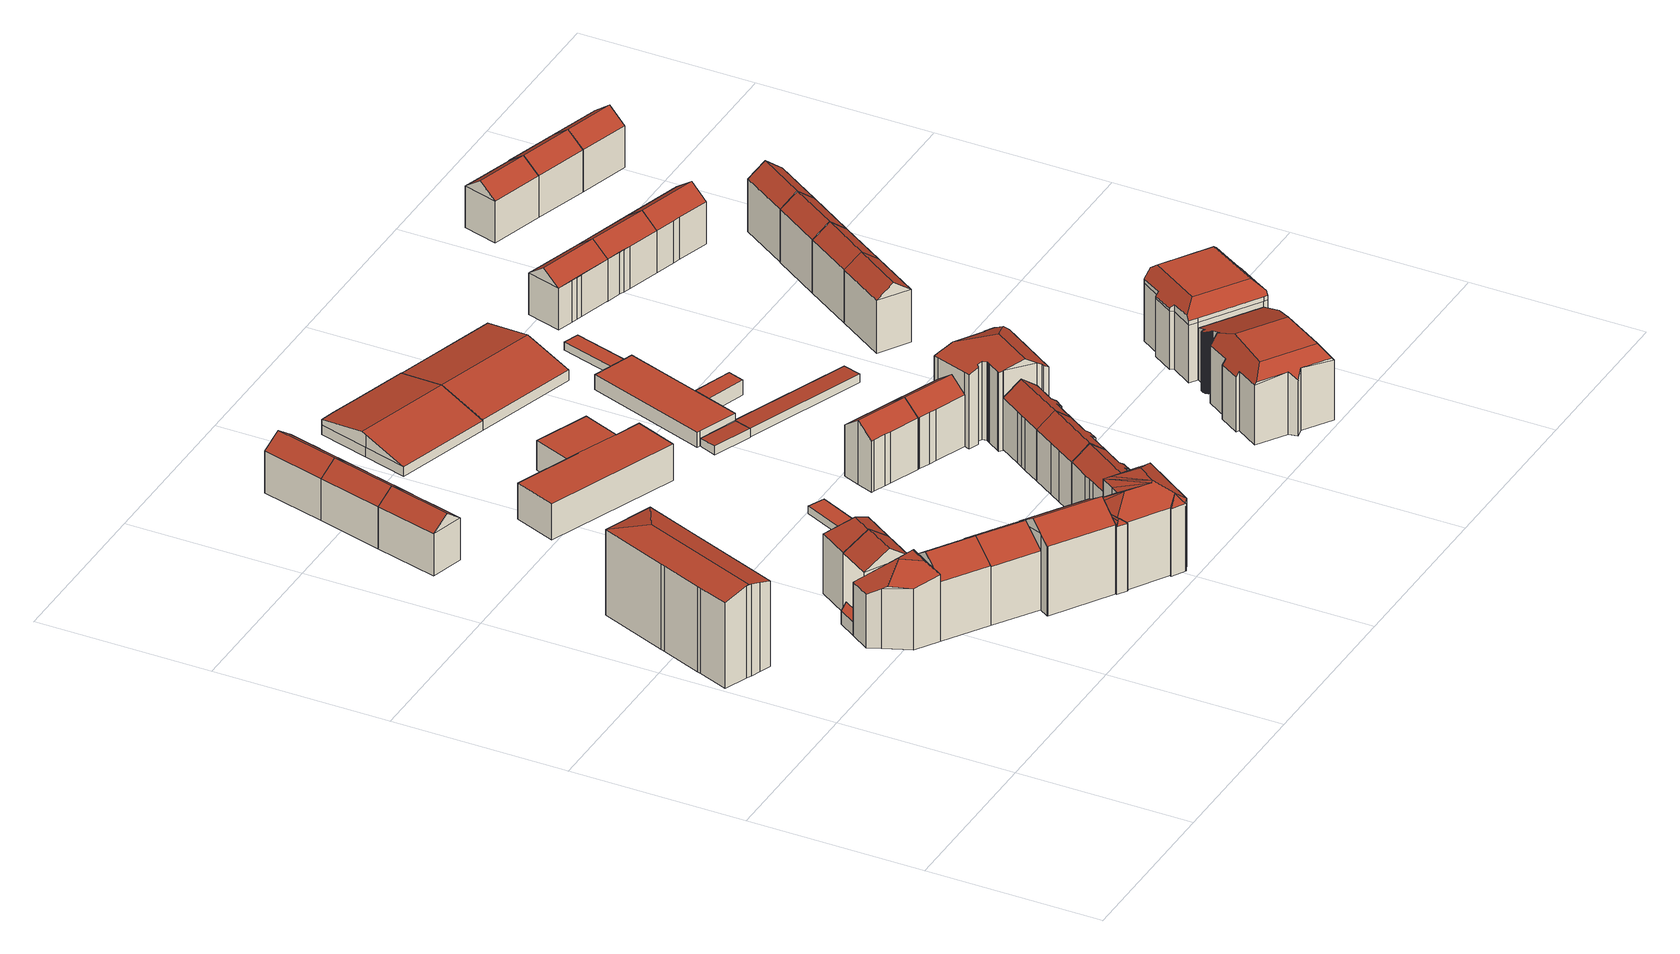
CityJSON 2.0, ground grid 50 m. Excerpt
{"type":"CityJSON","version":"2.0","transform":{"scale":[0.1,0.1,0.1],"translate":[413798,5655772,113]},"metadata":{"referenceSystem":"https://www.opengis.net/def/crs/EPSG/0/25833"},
"CityObjects":{
"building1":{"type":"Building","attributes":{"Dachtyp_tdc":"tdcFreeFormRoof","Gemeindeschluessel":14612000,"Dachneigung":15.46,"QualitaetDacherkennung":30,"Geometrietyp2DReferenz":"3000","measuredHeight":27.81,"function":"31001_9998","roofType":"5000"},"geometry":[{"type":"Solid","lod":"2","boundaries":[[[[0,1,2,3]],[[1,4,5,2]],[[4,6,7,5]],[[6,8,9,7]],[[8,10,11,9]],[[10,12,13,11]],[[12,14,15,13]],[[14,16,17,15]],[[18,0,19]],[[18,19,20,21,22,16,14,12,23]],[[1,0,18,23,10,8,6,4]],[[12,10,23]],[[17,24,25,26,27,3,2,5,7,9,11,13,15]],[[16,22,24,17]],[[22,21,25,24]],[[21,20,26,25]],[[20,19,27,26]],[[19,0,3,27]]]],"semantics":{"surfaces":[{"type":"WallSurface"},{"type":"RoofSurface"},{"type":"GroundSurface"}],"values":[[0,0,0,0,0,0,0,0,1,1,1,0,2,0,0,0,0,0]]}}]},
"building2":{"type":"Building","attributes":{"Dachtyp_tdc":"tdcFreeFormRoof","Gemeindeschluessel":14612000,"Dachneigung":27.64,"QualitaetDacherkennung":22,"Geometrietyp2DReferenz":"3000","measuredHeight":22.36,"function":"31001_9998","roofType":"5000"},"geometry":[{"type":"Solid","lod":"2","boundaries":[[[[28,29,30,31]],[[29,32,33,30]],[[32,34,35,33]],[[34,36,37,35]],[[36,38,39,37]],[[38,40,41,39]],[[40,42,43,41]],[[42,28,31,43]],[[44,45,46,29,28,42,47]],[[48,36,34,32,46,45]],[[36,48,49,50]],[[38,50,49,44,47,40]],[[49,48,45,44]],[[32,29,46]],[[38,36,50]],[[42,40,47]],[[31,30,33,35,37,39,41,43]]]],"semantics":{"surfaces":[{"type":"WallSurface"},{"type":"RoofSurface"},{"type":"GroundSurface"}],"values":[[0,0,0,0,0,0,0,0,1,1,1,1,1,0,0,0,2]]}}]},
"building3":{"type":"Building","attributes":{"Gemeindeschluessel":14612000,"Geometrietyp2DReferenz":"3000","function":"31001_9998","roofType":"9999"},"children":["building3-1","building3-2"]},
"building3-1":{"type":"BuildingPart","attributes":{"Dachtyp_tdc":"tdcGableRoof","Dachneigung":32.97,"QualitaetDacherkennung":68,"Geometrietyp2DReferenz":"3000","measuredHeight":22.68,"roofType":"3100"},"parents":["building3"],"geometry":[{"type":"MultiSurface","lod":"2","boundaries":[[[51,52,53,54]],[[52,55,35,53]],[[55,56,57,33,35]],[[52,51,58]],[[56,55,59]],[[51,56,59,58]],[[55,52,58,59]],[[33,60,54,53,35]]],"semantics":{"surfaces":[{"type":"WallSurface"},{"type":"RoofSurface"},{"type":"GroundSurface"}],"values":[0,0,0,0,0,1,1,2]}}]},
"building3-2":{"type":"BuildingPart","attributes":{"Dachtyp_tdc":"tdcPolyFlatRoof","Dachneigung":0,"QualitaetDacherkennung":39,"Geometrietyp2DReferenz":"3000","measuredHeight":3.95,"roofType":"1000"},"parents":["building3"],"geometry":[{"type":"MultiSurface","lod":"2","boundaries":[[[57,61,30,33]],[[61,62,63,30]],[[62,64,60,63]],[[64,62,61,57]],[[33,30,63,60]]],"semantics":{"surfaces":[{"type":"WallSurface"},{"type":"RoofSurface"},{"type":"GroundSurface"}],"values":[0,0,0,1,2]}}]},
"building4":{"type":"Building","attributes":{"Dachtyp_tdc":"tdcGableRoof","Gemeindeschluessel":14612000,"Dachneigung":32.97,"QualitaetDacherkennung":68,"Geometrietyp2DReferenz":"3000","measuredHeight":22.65,"function":"31001_9998","roofType":"3100"},"geometry":[{"type":"Solid","lod":"2","boundaries":[[[[65,66,67,37]],[[66,68,69,67]],[[68,70,39,69]],[[70,65,37,39]],[[68,66,71]],[[65,70,72]],[[66,65,72,71]],[[70,68,71,72]],[[37,67,69,39]]]],"semantics":{"surfaces":[{"type":"WallSurface"},{"type":"RoofSurface"},{"type":"GroundSurface"}],"values":[[0,0,0,0,0,0,1,1,2]]}}]},
"building5":{"type":"Building","attributes":{"Dachtyp_tdc":"tdcFreeFormRoof","Gemeindeschluessel":14612000,"Dachneigung":36.77,"QualitaetDacherkennung":86,"Geometrietyp2DReferenz":"3000","measuredHeight":16.28,"function":"31001_9998","roofType":"5000"},"geometry":[{"type":"Solid","lod":"2","boundaries":[[[[73,74,75,76]],[[74,77,78,75]],[[77,79,80,78]],[[79,81,82,80]],[[81,83,84,82]],[[83,85,86,84]],[[85,73,76,86]],[[81,79,77,87,88,85,83]],[[88,87,74,73]],[[73,85,88]],[[77,74,87]],[[76,75,78,80,82,84,86]]]],"semantics":{"surfaces":[{"type":"WallSurface"},{"type":"RoofSurface"},{"type":"GroundSurface"}],"values":[[0,0,0,0,0,0,0,1,1,0,0,2]]}}]},
"building6":{"type":"Building","attributes":{"Dachtyp_tdc":"tdcHipAndGableRoof","Gemeindeschluessel":14612000,"Dachneigung":33.86,"QualitaetDacherkennung":55,"Geometrietyp2DReferenz":"3000","measuredHeight":22.68,"function":"31001_9998","roofType":"5000"},"geometry":[{"type":"Solid","lod":"2","boundaries":[[[[89,90,91,54]],[[90,92,93,91]],[[92,52,53,93]],[[52,89,54,53]],[[92,90,94]],[[89,52,95]],[[90,89,95,94]],[[52,92,94,95]],[[54,91,93,53]]]],"semantics":{"surfaces":[{"type":"WallSurface"},{"type":"RoofSurface"},{"type":"GroundSurface"}],"values":[[0,0,0,0,1,0,1,1,2]]}}]},
"building7":{"type":"Building","attributes":{"Dachtyp_tdc":"tdcFreeFormRoof","Gemeindeschluessel":14612000,"Dachneigung":33.8,"QualitaetDacherkennung":67,"Geometrietyp2DReferenz":"3000","measuredHeight":22.66,"function":"31001_9998","roofType":"5000"},"geometry":[{"type":"Solid","lod":"2","boundaries":[[[[96,97,71,98]],[[99,100,101,71,97]],[[101,98,71]],[[96,99,97]],[[102,69,67,103,104]],[[96,98,69,102]],[[98,101,67,69]],[[101,100,103,67]],[[100,99,104,103]],[[99,96,102,104]]]],"semantics":{"surfaces":[{"type":"RoofSurface"},{"type":"WallSurface"},{"type":"GroundSurface"}],"values":[[0,0,1,1,2,1,1,1,1,1]]}}]},
"building8":{"type":"Building","attributes":{"Dachtyp_tdc":"tdcFreeFormRoof","Gemeindeschluessel":14612000,"Dachneigung":36.87,"QualitaetDacherkennung":91,"Geometrietyp2DReferenz":"3000","measuredHeight":16.29,"function":"31001_9998","roofType":"5000"},"geometry":[{"type":"Solid","lod":"2","boundaries":[[[[77,74,75,78]],[[74,105,106,75]],[[105,107,108,106]],[[107,109,110,108]],[[109,111,112,110]],[[111,113,114,112]],[[113,77,78,114]],[[87,115,105,74]],[[113,111,109,107,115,87,77]],[[107,105,115]],[[74,77,87]],[[78,75,106,108,110,112,114]]]],"semantics":{"surfaces":[{"type":"WallSurface"},{"type":"RoofSurface"},{"type":"GroundSurface"}],"values":[[0,0,0,0,0,0,0,1,1,0,0,2]]}}]},
"building9":{"type":"Building","attributes":{"Dachtyp_tdc":"tdcFreeFormRoof","Gemeindeschluessel":14612000,"Dachneigung":34.02,"QualitaetDacherkennung":69,"Geometrietyp2DReferenz":"3000","measuredHeight":25.31,"function":"31001_9998","roofType":"5000"},"geometry":[{"type":"Solid","lod":"2","boundaries":[[[[116,117,104,102]],[[117,118,119,104]],[[118,120,121,119]],[[120,122,123,121]],[[122,124,125,123]],[[124,126,127,125]],[[126,128,129,127]],[[128,116,102,129]],[[122,120,118,117,130,131]],[[124,131,130,116,128,126]],[[117,116,130]],[[124,122,131]],[[102,104,119,121,123,125,127,129]]]],"semantics":{"surfaces":[{"type":"WallSurface"},{"type":"RoofSurface"},{"type":"GroundSurface"}],"values":[[0,0,0,0,0,0,0,0,1,1,0,0,2]]}}]},
"building10":{"type":"Building","attributes":{"Dachtyp_tdc":"tdcFreeFormRoof","Gemeindeschluessel":14612000,"Dachneigung":36.93,"QualitaetDacherkennung":86,"Geometrietyp2DReferenz":"3000","measuredHeight":16.26,"function":"31001_9998","roofType":"5000"},"geometry":[{"type":"Solid","lod":"2","boundaries":[[[[105,132,133,106]],[[132,134,135,133]],[[134,136,137,135]],[[136,138,139,137]],[[138,140,141,139]],[[140,107,108,141]],[[107,105,106,108]],[[115,142,132,105]],[[138,136,134,142,115,107,140]],[[105,107,115]],[[134,132,142]],[[106,133,135,137,139,141,108]]]],"semantics":{"surfaces":[{"type":"WallSurface"},{"type":"RoofSurface"},{"type":"GroundSurface"}],"values":[[0,0,0,0,0,0,0,1,1,0,0,2]]}}]},
"building11":{"type":"Building","attributes":{"Dachtyp_tdc":"tdcFreeFormRoof","Gemeindeschluessel":14612000,"Dachneigung":35.12,"QualitaetDacherkennung":7,"Geometrietyp2DReferenz":"3000","measuredHeight":24.98,"function":"31001_9998","roofType":"5000"},"geometry":[{"type":"Solid","lod":"2","boundaries":[[[[143,144,145]],[[144,143,146]],[[147,144,146]],[[147,148,144]],[[148,147,149]],[[150,148,149]],[[150,151,148]],[[150,152,151]],[[150,153,152]],[[153,150,154]],[[153,154,155]],[[152,153,155,156]],[[151,152,156,157]],[[158,159,144,148,151,157,160]],[[161,162,158,160,163]],[[164,161,163,165]],[[166,167,168,169,170,171,172,173,174,175,176,177,178,179,180,181,182,183,184,185]],[[163,160,167,166]],[[160,157,168,167]],[[157,156,169,168]],[[156,155,170,169]],[[155,154,171,170]],[[154,150,172,171]],[[150,149,173,172]],[[149,147,174,173]],[[147,146,175,174]],[[146,143,176,175]],[[143,145,177,176]],[[145,186,178,177]],[[186,187,179,178]],[[187,188,180,179]],[[188,189,181,180]],[[189,190,182,181]],[[190,191,183,182]],[[191,192,184,183]],[[192,165,185,184]],[[165,163,166,185]],[[164,165,192]],[[162,161,164,192,191]],[[193,159,158,162,191,190]],[[189,193,190]],[[188,193,189]],[[187,193,188]],[[186,193,187]],[[193,186,194]],[[194,186,145]],[[194,159,193]],[[145,159,194]],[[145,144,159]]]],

• [Assigned task] Search the records above for "CityJSON" and copy every line that has it.

• [Result for this exercise]
CityJSON 2.0, ground grid 50 m. Excerpt
{"type":"CityJSON","version":"2.0","transform":{"scale":[0.1,0.1,0.1],"translate":[413798,5655772,113]},"metadata":{"referenceSystem":"https://www.opengis.net/def/crs/EPSG/0/25833"},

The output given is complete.